PTH-rp is a protein that exerts certain PTH like effects [3] and acts to stimulate bone mineral dissolution, increase renal calcium reabsorption, and release calcium into serum [4]. Unfortunately, PTH-rp was not measured, so its role could not be assessed.
Elevation in the level of PTH is rare but reported in up to 18% of patients with calcium disturbances associated with hematological malignancies [5]. Furthermore, prostaglandins E are powerful stimulators of bone resorption [6], although their precise role in bone destruction associated with malignancy remains to be determined. IL-1, IL-6, TNF-α, TNF-β, TGF-β, and MIP 1-α may also be produced in malignant hematological cells [4–5] and have been identified to promote bone resorption in vitro by stimulating osteoclast formation and activity. However, it has not been possible to establish convincingly so far that any of these cytokines are playing a predominant role as solitary triggers in the pathogenesis of hypercalcemia in vivo [7–8].

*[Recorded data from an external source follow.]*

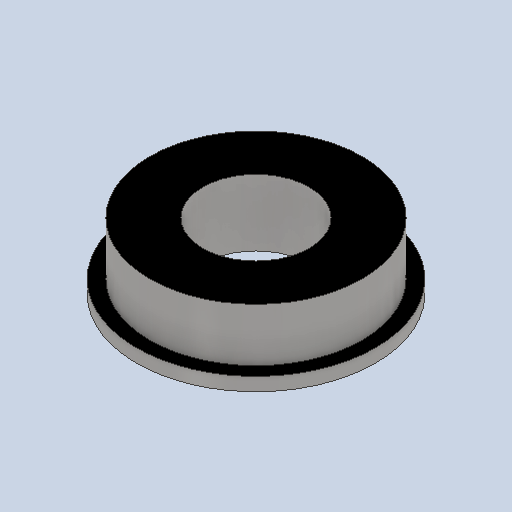
# Autodesk Inventor part: FlangeBearing
Saved by Autodesk Inventor 2022.2 (Build 262287000, 287)
## iProperties
Created: 2022-07-29
Part Number: FlangeBearing
Material: Steel, High Strength, Low Alloy
Document SubType Name: Modeling
Designer: ABL
Density: 7.85 g/cm^3
Appearance: Steel - Polished
Author: ABL
Autodesk Inventor part; units mm, degrees
ref_plane "YZ Plane" through (0, 0, 0) normal (1, 0, 0) x (0, 1, 0)
ref_plane "XZ Plane" through (0, 0, 0) normal (0, 1, 0) x (-1, 0, 0)
ref_plane "XY Plane" through (0, 0, 0) normal (0, 0, 1) x (1, 0, 0)
sketch "Sketch1" plane through (0, 0, 0) normal (0, 0, 1) x (1, 0, 0)
  line L0 (0, 0) -> (0, 5) construction
  line L1 (0, 0) -> (4, 0) construction
  line L2 (4, 0) -> (9, 0)
  line L3 (9, 0) -> (9, 1)
  line L4 (9, 1) -> (8, 1)
  line L5 (8, 1) -> (8, 5)
  line L6 (8, 5) -> (4, 5)
  line L7 (4, 5) -> (4, 0)
  dimension "d2" = 5
  dimension "d5" = 1
  dimension "d7" = 4
  dimension "d9" = 18
  dimension "d10" = 8
  dimension "d11" = 16
  constraints: 16 end point, 5 perpendicular, 1 horizontal, 1 point on line, 1 vertical
  measures "d2" distance of L0.start L0.end
  measures "d5" distance of L2.end L3.end
  measures "d7" distance of L4.end L5.end
  measures "d9" diameter of L3 L0
  measures "d10" diameter of L7 L0
  measures "d11" diameter of L5 L0
revolve "body" add sketch "Sketch1" angle 360 about axis through (0, 0, 0) along (0, 1, 0)
equation "\"d2\" = flangeBearing_height"
equation "\"d5\" = flangeBearing_flangeHeight"
equation "\"d7\" = flangeBearing_height - flangeBearing_flangeHeight"
equation "\"d9\" = flangeBearing_flangeDiameter"
equation "\"d10\" = flangeBearing_innerDiameter"
equation "\"d11\" = flangeBearing_outerDiameter"
equation "\"gap\" = 0.1"
equation "\"airgap\" = 0.4"
equation "\"wallgap\" = 2"
equation "\"driveMagnet_height\" = 5"
equation "\"halbachMagnet_height\" = 3"
equation "\"sensorMagnet_diameter\" = 5"
equation "\"sensorMagnet_height\" = 2.66667"
equation "\"motorRadius\" = 2 * gap + driveMagnet_centerSpacingRadius + driveMagnet_length + 2 * wallgap"
equation "\"shaftDiameter\" = 8"
equation "\"flangeBearing_outerDiameter\" = 16"
equation "\"flangeBearing_innerDiameter\" = shaftDiameter"
equation "\"flangeBearing_height\" = 5"
equation "\"flangeBearing_flangeHeight\" = 1"
equation "\"flangeBearing_flangeDiameter\" = 18"
equation "\"magnetTrapNut_height\" = 1.2"
equation "\"magnetTrapNut_sideToSide\" = 4"
equation "\"magnetTrapBolt_headHeight\" = 2"
equation "\"magnetTrapBolt_headDiameter\" = 3.98"
equation "\"magnetTrapBolt_diameter\" = 2"
equation "\"statorThickness\" = coilThickness + 2 * wallgap"
equation "\"rotor_mountingLipHeight\" = 0.5 * statorThickness"
equation "\"magnetTrapHexNut_sideToSide\" = 4"
equation "\"magnetTrapSquareNut_sideLength\" = 4"
equation "\"magnetTrapSquareNut_height\" = 1.2"
equation "\"magnetTrapHexNut_height\" = 1.2"
equation "\"rotorRadius\" = 2 * gap + driveMagnet_centerSpacingRadius + driveMagnet_length + wallgap"
equation "\"rotorBandSquareNut_sideLength\" = 4"
equation "\"rotorBandHexNut_height\" = 1.2"
equation "\"rotorBandHexNut_sideToSide\" = 4"
equation "\"rotorBandSquareNut_height\" = 1.2"
equation "\"rotorBandBolt_headHeight\" = 2"
equation "\"rotorBandBolt_headDiameter\" = 3.98"
equation "\"rotorBandBolt_diameter\" = 2"
equation "\"rotorBandThickness\" = wallgap + rotorBandBolt_headHeight + gap"
equation "\"flangeCoupling_collarOuterDiameter\" = 16"
equation "\"flangeCoupling_flangeHoleEdgeToEdge\" = 2.05"
equation "\"flangeCoupling_innerDiameter\" = shaftDiameter"
equation "\"flangeCoupling_flangeHoleDiameter\" = 3.9"
equation "\"flangeCoupling_flangeHeight\" = 3.1"
equation "\"flangeCoupling_flangeDiameter\" = 32"
equation "\"flangeCoupling_height\" = flangeCoupling_collarHeight + flangeCoupling_flangeHeight"
equation "\"flangeCoupling_mountHoleDiameter\" = 3.9"
equation "\"flangeCoupling_mountHoleEdgeToEdge\" = 2.05"
equation "\"statorRadius\" = driveMagnet_length + driveMagnet_centerSpacingRadius + 2 * gap"
equation "\"coilThickness\" = 12"
equation "\"statorMountBolt_diameter\" = 4"
equation "\"statorMountBolt_headDiameter\" = 7"
equation "\"statorMountBolt_headHeight\" = 4"
equation "\"statorMountBolt_shaftLength\" = coilThickness + flangeCoupling_flangeHeight + wallgap"
equation "\"statorMountHexNut_height\" = 4"
equation "\"statorMountHexNut_sideToSide\" = 8"
equation "\"sensorMagnet_ringRadius\" = 0.5 * driveMagnet_centerSpacingRadius + 2 * wallgap"
equation "\"coil_percentCoverage\" = 0.6"
equation "\"statorSpokeDegrees\" = 4deg"
equation "\"coil_bulge\" = 3"
equation "\"statorCoilBolt_shaftLength\" = coilThickness"
equation "\"statorCoilHexNut_height\" = 1.2"
equation "\"statorCoilBolt_headHeight\" = 2"
equation "\"statorCoilBolt_diameter\" = 2"
equation "\"statorCoilBolt_headDiameter\" = 3.98"
equation "\"statorCoilHexNut_sideToSide\" = 4"
equation "\"magnetWire_outerDiameter\" = 0.8128"
equation "\"printingLayerHeight\" = 0.2"
equation "\"circuitBoard_height\" = 1.6"
equation "\"hallEffectSensor_width\" = 1.6"
equation "\"hallEffectSensor_length\" = 3"
equation "\"hallEffectSensor_height\" = 1.1"
equation "\"hallEffectSensor_pinLength\" = 0.6"
equation "\"circuitboardMountHexNut_height\" = 1.2"
equation "\"circuitboardMountHexNut_sideToSide\" = 4"
equation "\"circuitboardMountBolt_headHeight\" = 2"
equation "\"circuitboardMountBolt_shaftLength\" = coilThickness"
equation "\"circuitboardMountBolt_diameter\" = 2"
equation "\"circuitboardMountBolt_headDiameter\" = 3.98"
equation "\"statorShellBolt_headDiameter\" = 5.68"
equation "\"statorShellHexNut_height\" = 2.3"
equation "\"statorShellBolt_shaftLength\" = statorThickness - statorShellBolt_countersinkDepth"
equation "\"statorShellBolt_headHeight\" = 3"
equation "\"statorShellHexNut_sideToSide\" = 5.3"
equation "\"statorShellBolt_diameter\" = 3"
equation "\"driveMagnet_centerSpacingRadius\" = 38.96113"
equation "\"driveMagnet_length\" = 60"
equation "\"flangeCoupling_collarHeight\" = 10"
equation "\"statorShellBolt_countersinkDepth\" = 3.4"
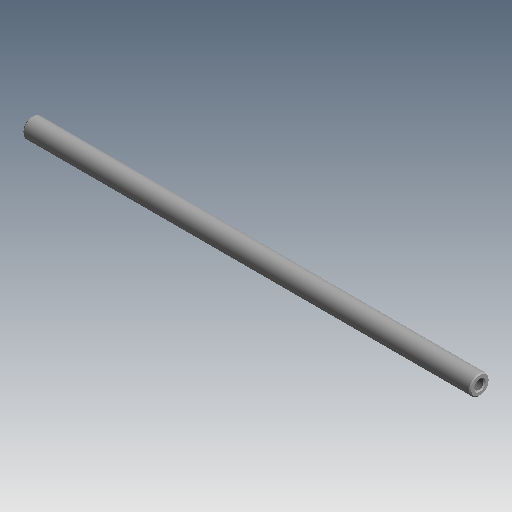
# Autodesk Inventor part: SSFRW10-230-MD6-N6_s
Saved by Autodesk Inventor 2020.1 (Build 241239000, 239)
## iProperties
Part Number: SSFRW10-230-MD6-N6_s
Material: 一般
Catalog Web Link: www.cadenas.de
Description: NSFMRW, SFMRW, PSFMRW, SSFMRW, NSFHRW, SFHRW, PSFHRW, SSFHRW, NSFRW, SFRW, PSFRW, SSFRW, HFRW, PHFRW_shaft-Rotary Shafts - Both Ends Tapped - Standard
Vendor: MISUMI
Document SubType Name: Modeling
Designer: partserver
Manufacturer: MISUMI
Mass: 17.2521 g
Surface Area: 79.9635 cm^2
Volume: 17.2521 cm^3
Density: 1 g/cm^3
Appearance: PSOLRGB-192-192-192
Category: PARTsolutions
Company: MISUMI
PSOL_IDENT_0: {$CADENAS_DATA\23d-libs\misumi\metric\11_rotary_shafts\11_components\phfrw\phfrw.prj},466 {VTYP=3D},
PSOL_IDENT_1: {NB=SSFRW10-230-MD6-N6_s},{LINA=SSFRW10-230-MD6-N6},{NN=NSFMRW, SFMRW, PSFMRW, SSFMRW, NSFHRW, SFHRW
PSOL_IDENT_2: , PSFHRW, SSFHRW, NSFRW, SFRW, PSFRW, SSFRW, HFRW, PHFRW_shaft},{DATE=17.04.2020 08:52:08},{GEOMDATE=
PSOL_IDENT_3: 17.04.2020 07:41:26},{VERSION=},{LINEID=30},{WBVAR=TS,MAT,ST,ALT1,L,M,N,ALT2,KC,A,WKC,C,K,E,KZ,Z,ALT
PSOL_IDENT_4: 3,FC,GALT3,WFC,J,WALT3,V,ALT4,SFC,SGALT4,AG,ALT5,UC,ALT6,TA,TB,ALT31},{WBNUMERIC=L,M,N,KC,A,WKC,C,K,
PSOL_IDENT_5: E,KZ,Z,FC,GALT3,WFC,J,WALT3,V,SFC,SGALT4,AG,UC,TA,TB}  {NB=SSFRW10-230-MD6-N6_s},{LINA=SSFRW10-230-M
PSOL_IDENT_6: D6-N6},{KT=DUMMY},{PN=SSFRW10-230-MD6-N6},{TYPE=SSFRW},{TS=},{TSALG='M','h9 (Cold-drawn)','H','h7 (G
PSOL_IDENT_7: round)','','g6 (Ground)'},{MAT=SUS304},{MATALG= 'S45C','S45C Equivalent' , 'SUS304','SUS304' },{ST=-
PSOL_IDENT_8: },{STALG= '-','-' },{D=10},{ALT1=},{L=230.0},{LALG=[15:800/0.1]},{LMINALG=15},{LMIN=15},{LMAX=800},{
PSOL_IDENT_9: M=6},{MALG=3,4,5,6},{MMIN=3},{N=6},{NALG=3,4,5,6},{NMIN=3},{NMAX=6},{NMAXD=6},{NALGMEQN=30},{NALGMGT
PSOL_IDENT_10: N=30},{NALGMLTN=30},{PITCH=1},{PITCHM=1},{ALT2=},{ALT2ALG= '', 'w/o Key Grooves','KC','with KC (Key
PSOL_IDENT_11: Groove)','WKC','with WKC (Two Key Grooves)','KCWKC','with KC + WKC (Three Key Grooves)','KZ','with K
PSOL_IDENT_12: C + WKC + KZ (Four Key Grooves)' },{ALT2PN=},{KC=0.0},{KCALG=[0]},{KCMIN=0},{KCMAX=0},{A=0.0},{AALG=
PSOL_IDENT_13: [0]},{AMIN=3},{AMAX=0},{WKC=0.0},{WKCALG=[0]},{WKCMIN=0},{WKCMAX=0},{C=0.0},{CALG=[0]},{CMIN=3},{CMA
PSOL_IDENT_14: X=0},{K=0.0},{KALG=[0]},{KMIN=0},{KMAX=225},{E=0.0},{EALG=[0]},{EMIN=3},{EMAX=100},{KZ=0.0},{KZALG=[
PSOL_IDENT_15: 0]},{KZMIN=232},{KZMAX=227},{Z=0.0},{ZALG=[0]},{ZMIN=3},{ZMAX=100},{BB=0},{BBALT2=3},{TT=0.0},{TTALT
PSOL_IDENT_16: 2=1.8},{CIFKC=1.000},{CIFWKC=1.000},{CIFK=1.000},{CIFKZ=2.000},{PCUT3D=0.000},{QCUT3D=0.000},{ALT3=}
PSOL_IDENT_17: ,{ALT3ALG= '', 'w/o Set Screw Flat','FC','with FC (Adds a Set Screw Flat)','WFC','with WFC (Adds Two
PSOL_IDENT_18: Set Screw Flats)','FCWFC','with FC + WFC (Adds Three Set Screw Flats)' },{ALT3PN=},{FC=0},{FCALG=[0
PSOL_IDENT_19: ]},{FCMIN=0},{FCMAX=229},{GALT3=0},{GALT3ALG=[0]},{GALT3MIN=1},{GALT3MAX=70},{GALT3MAX2=70},{GALT3MA
PSOL_IDENT_20: X3=70},{WFC=0},{WFCALG=[0]},{WFCMIN=0},{WFCMIN2=2},{WFCMAX=226},{WFCMAX2=-3},{WFCMAX3=-4},{J=0},{JAL
PSOL_IDENT_21: G=[0]},{JMIN=1},{JMAX=70},{JMAX2=-2},{JMAX3=-5},{WALT3=0},{WALT3ALG=[0]},{WALT3MIN=0},{WALT3MIN2=232
PSOL_IDENT_22: },{WALT3MAX=227},{WALT3MAX2=227},{V=0},{VALG=[0]},{VMIN=1},{VMAX=70},{VMAX2=70},{CIFFC=0},{ALT4=},{A
PSOL_IDENT_23: LT4ALG= '', 'w/o SFC (2 Set Screw Flats (Angle Specified))', 'SFC'  , 'with SFC (2 Set Screw Flats (
PSOL_IDENT_24: Angle Specified))'},{ALT4PN=},{SFC=0},{SFCALG=[0]},{SFCMIN=0},{SFCMAX=229},{SGALT4=0},{SGALT4ALG=[0]
PSOL_IDENT_25: },{SGALT4MIN=1},{SGALT4MAX=70},{AG=0},{AGALG=[0]},{H=0.0},{CIFSFC=0},{ALT5=},{ALT5ALG= '', 'w/o UC (
PSOL_IDENT_26: Slit Cam Groove)', 'UC', 'with UC (Slit Cam Groove)'},{ALT5PN=},{UC=0},{UCALG=[0]},{UCMIN=1},{UCMAX=
PSOL_IDENT_27: 224},{DDALT5=0},{LL1=0},{ALT6=},{ALT6ALG= '','w/o Retaining Ring Groove','TA','with TA (Retaining Ri
PSOL_IDENT_28: ng Groove)','TB','with TB (Retaining Ring Groove)','TATB','with TA + TB (Two Retaining Ring Grooves)'
PSOL_IDENT_29: },{ALT6PN=},{TA=0.0},{TAALG=[0]},{TAMIN=2},{TAMAX=0},{TB=0.0},{TBALG=[0]},{TBMIN=2},{TBMAX=0},{DDAL
PSOL_IDENT_30: T6=0.0},{MM=0.00},{ALT31=MD},{ALT31ALG= '', 'w/o Tapped Depth','MD','with MD (Tapped Depth)','ND','w
PSOL_IDENT_31: ith ND (Tapped Depth)','MDND','with MD + ND (Tapped Depth)' },{CIFALT31M=0},{CIFALT31N=0},{ML=25},{N
PSOL_IDENT_32: L=19},{ML3D1=18},{ML3D2=25},{NL3D1=12},{NL3D2=19},{CIFMN3D=0},{ERRORPN=},{ERRORMALT2=OK},{ERRORMALT3=
PSOL_IDENT_33: OK},{ERRORMALT4=OK},{ERRORMALT5=OK},{ERRORMALT6=OK},{ERRORNALT2=OK},{ERRORNALT3=OK},{ERRORNALT4=OK},
PSOL_IDENT_34: {ERRORNALT5=OK},{ERRORNALT6=OK},{ERRORALT23=OK},{ERRORALT24=OK},{ERRORALT25=OK},{ERRORALT26=OK},{ERR
PSOL_IDENT_35: ORALT34=OK},{ERRORALT35=OK},{ERRORALT36=OK},{ERRORALT45=OK},{ERRORALT46=OK},{ERRORALT56=OK}
NB: SSFRW10-230-MD6-N6_s
NN: NSFMRW, SFMRW, PSFMRW, SSFMRW, NSFHRW, SFHRW, PSFHRW, SSFHRW, NSFRW, SFRW, PSFRW, SSFRW, HFRW, PHFRW_shaft
NT: Rotary Shafts - Both Ends Tapped - Standard
NBSYN: $PN._s
LINA: SSFRW10-230-MD6-N6
CATALOG: Misumi
PN: SSFRW10-230-MD6-N6
TS: g6 (Ground)
MAT: SUS304
ST: -
D: 10
ALT1: w/o LKC (Changes L Tolerance)
L: 230
M: 6
N: 6
ALT2: w/o Key Grooves
KC: 0
A: 0
WKC: 0
C: 0
K: 0
E: 0
KZ: 0
Z: 0
BB: 0
TT: 0
ALT3: w/o Set Screw Flat
FC: 0
GALT3: 0
WFC: 0
J: 0
WALT3: 0
V: 0
ALT4: w/o SFC (2 Set Screw Flats (Angle Specified))
SFC: 0
SGALT4: 0
AG: 0
H: 0
ALT5: w/o UC (Slit Cam Groove)
UC: 0
DDALT5: 0
LL1: 0
ALT6: w/o Retaining Ring Groove
TA: 0
TB: 0
DDALT6: 0
MM: 0
ALT31: with MD (Tapped Depth)
SUPPLIER: MISUMI
ARTICLENO: SSFRW10-230-MD6-N6_s
BOMINFO: SSFRW10-230-MD6-N6
CREATOR: CADENAS GmbH
Title: SSFRW10-230-MD6-N6
Author: Cadenas PARTsolutions
Comments: Rotary Shafts - Both Ends Tapped - Standard
Autodesk Inventor part; units mm, degrees
ref_plane "YZ Plane" through (0, 0, 0) normal (1, 0, 0) x (0, 1, 0)
ref_plane "XZ Plane" through (0, 0, 0) normal (0, 1, 0) x (-1, 0, 0)
ref_plane "XY Plane" through (0, 0, 0) normal (0, 0, 1) x (1, 0, 0)
sketch "Sketch_1" plane through (0, 0, 0) normal (0, 0, 1) x (1, 0, 0)
  line L0 (230, 0) -> (0, 0)
  line L1 (0, 0) -> (0, 4.5)
  line L2 (0, 4.5) -> (0.5, 5)
  line L3 (0.5, 5) -> (229.5, 5)
  line L4 (229.5, 5) -> (230, 4.5)
  line L5 (230, 4.5) -> (230, 0)
  line L6 (230, 0) -> (0, 0)
  constraints: 14 end point
revolve "Revolution1" add sketch "Sketch_1" angle 360 about axis through (230, 0, 0) along (1, 0, 0)
sketch "Sketch2" plane through (0, 0, 0) normal (-1, 0, 0) x (0, 0, 1)
  point P0 (0, 0)
hole "Hole1" at (0, 0, 0) direction (1, 0, 0) diameter 4.917 depth 23.5806 tip angle 120 countersink diameter 6 countersink angle 90 thread size "M6x1" class "6H" standard "ISO Metric profile"
sketch "Sketch3" plane through (230, 0, 0) normal (1, 0, 0) x (0, 0, -1)
  point P0 (0, 0)
hole "Hole2" at (230, 0, 0) direction (-1, 0, 0) diameter 4.917 depth 17.5806 tip angle 120 countersink diameter 6 countersink angle 90 thread size "M6x1" class "6H" standard "ISO Metric profile"
body "Solid1"
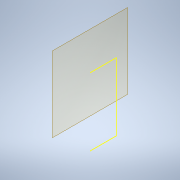
# Autodesk Inventor part: bracket
Saved by Autodesk Inventor 2020 (Build 240168000, 168)
## iProperties
Created: 2019-05-07
Part Number: bracket
Material: Generic
Document SubType Name: Modeling
Designer: erwin
Density: 1 g/cm^3
Appearance: Default
Author: erwin
Autodesk Inventor part; units mm, degrees
ref_plane "XZ Plane" through (0, 0, 0) normal (0, 1, 0) x (-1, 0, 0)
ref_plane "XY Plane" through (0, 0, 0) normal (0, 0, 1) x (1, 0, 0)
ref_plane "Work Plane1" through (-15.5, 0, 0) normal (1, 0, 0) x (0, 1, 0)
sketch "Sketch1" plane through (-15.5, 0, 0) normal (1, 0, 0) x (0, 1, 0)
  line L0 (0, 0) -> (0, -7) projected
  line L1 (0, -7) -> (-16, -7) projected
  line L2 (-18, -7) -> (-16, -7) projected
  line L3 (-18, 0) -> (-18, -7) projected
  line L4 (-18, 0) -> (-22, 0)
  line L5 (-22, 0) -> (-22, 19.5)
  line L6 (-22, 19.5) -> (-29, 19.5)
  line L7 (-29, 19.5) -> (-29, -2)
  line L8 (-29, -2) -> (-20, -2)
  line L9 (-20, -2) -> (-20, -9)
  line L10 (-20, -9) -> (2, -9)
  line L11 (-18, -7) -> (0, -7) construction
  line L12 (-9, -7) -> (-9, -16.2011) construction
  line L13 (2, -9) -> (2, -2)
  line L14 (2, -2) -> (25.8, -2)
  line L15 (25.8, -2) -> (25.8, 19.5)
  line L16 (25.8, 19.5) -> (18.8, 19.5)
  line L17 (18.8, 19.5) -> (18.8, 0)
  line L18 (18.8, 0) -> (0, 0)
  line L19 (-14, -2) -> (-14, -5) construction
  dimension "d1" = 19.5
  dimension "d2" = 2
  dimension "d3" = 2
  dimension "d4" = 2
  dimension "d5" = 7
  dimension "d6" = 7
  dimension "d7" = 2
  dimension "d8" = 8
  dimension "d9" = 40.8
  constraints: 30 end point, 11 perpendicular, 2 vertical, 1 collinear, 1 horizontal, 1 midpoint
  measures "d1" distance of L4.end L5.end
  measures "d2" distance between parallel lines of L1 L10
  measures "d3" distance between parallel lines of L3 L9
  measures "d4" distance between parallel lines of L4 L8
  measures "d5" distance of L5.end L6.end
  measures "d6" distance of L15.end L16.end
  measures "d7" distance between parallel lines of L0 L13
  measures "d8" distance between parallel lines of L5 L19
  measures "d9" distance between parallel lines of L17 L5
extrude "Extrusion1" add sketch "Sketch1" along normal blind 15
sketch "Sketch2" plane through (-0.5, 0, 0) normal (1, 0, 0) x (0, 0, -1)
  line L0 (0, -18) -> (0, -22) projected
  line L1 (0, 18.8) -> (0, 0) projected
  line L2 (-19.5, -29) -> (2, -29) projected
  line L3 (2, 25.8) -> (-19.5, 25.8) projected
  point P0 (-4.5, -25.6)
  point P1 (-14, -25.6)
  point P2 (-4.5, 22.4)
  point P3 (-14, 22.4)
  dimension "d12" = 4.5
  dimension "d13" = 9.5
  dimension "d14" = 4.5
  dimension "d15" = 9.5
  dimension "d16" = 48
  dimension "d17" = 3.4
  dimension "d18" = 3.4
  measures "d12" distance from line of L0 point (-4.5, -25.6)
  measures "d13" distance of point (-14, -25.6) point (-4.5, -25.6)
  measures "d14" distance from line of L1 point (-4.5, 22.4)
  measures "d15" distance of point (-4.5, 22.4) point (-14, 22.4)
  measures "d16" distance of point (-4.5, 22.4) point (-4.5, -25.6)
  measures "d17" distance from line of L2 point (-4.5, -25.6)
  measures "d18" distance from line of L3 point (-4.5, 22.4)
hole "Hole1" at (-0.5, -25.6, 4.5) at (-0.5, -25.6, 14) at (-0.5, 22.4, 4.5) at (-0.5, 22.4, 14) direction (-1, 0, 0) diameter 2.5 end through all
fillet "Fillet1" radius 2 8 edges at (-8, 25.8, 19.5) (-8, 25.8, -2) (-8, 2, -2) (-8, 2, -9) (-8, -20, -9) (-8, -29, -2) (-8, -29, 19.5) (-8, -20, -2)
equation "\"d2\" = d3"
equation "\"d4\" = d3"
equation "\"d7\" = d3"
equation "\"d14\" = d12"
equation "\"d15\" = d13"
equation "\"d18\" = d17"
body "Solid1"

Hypercalcemia may result from localized bone destruction due to a direct effect of tumor cells. However, the absence of radiographic abnormalities does not exclude their action. Renal failure could be a cause and consequence of hypercalcemia. A possible mechanism of induced renal failure could be partly the deposition of calcium in the kidney and the direct effects of hypercalcemia on renal function.
It is important to consider that these above-mentioned mechanisms are not exclusive of each other; in fact, these events might act concomitantly in PCL patients presenting with hypercalcemia.
Hypercalcemia is rare but has severe complications that should be treated immediately. The treatment options include IV hydration, calcitonin, bisphosphonates, denosumab, and corticosteroids. Loop diuretics are sometimes used to promote calciuresis, though evidence to support this is lacking, and it may worsen renal failure. Patients with severe refractory hypercalcemia or that cannot be safely hydrated because of underlying cardiorenal diseases that should be urgently considered for hemodialysis. The prognosis for pPCL is dismal with a median survival of about 2–8 months even with aggressive treatment.
Conclusion
Incidence of life-threatening hypercalcemia in pPCL is very unusual, especially as the initial manifestation of the disease. Earlier identification of the etiology is unlikely to have changed the outcome in this case, but the presence of severe hypercalcemia with particular attention to the peripheral smear should alert physicians to this highly deadly entity.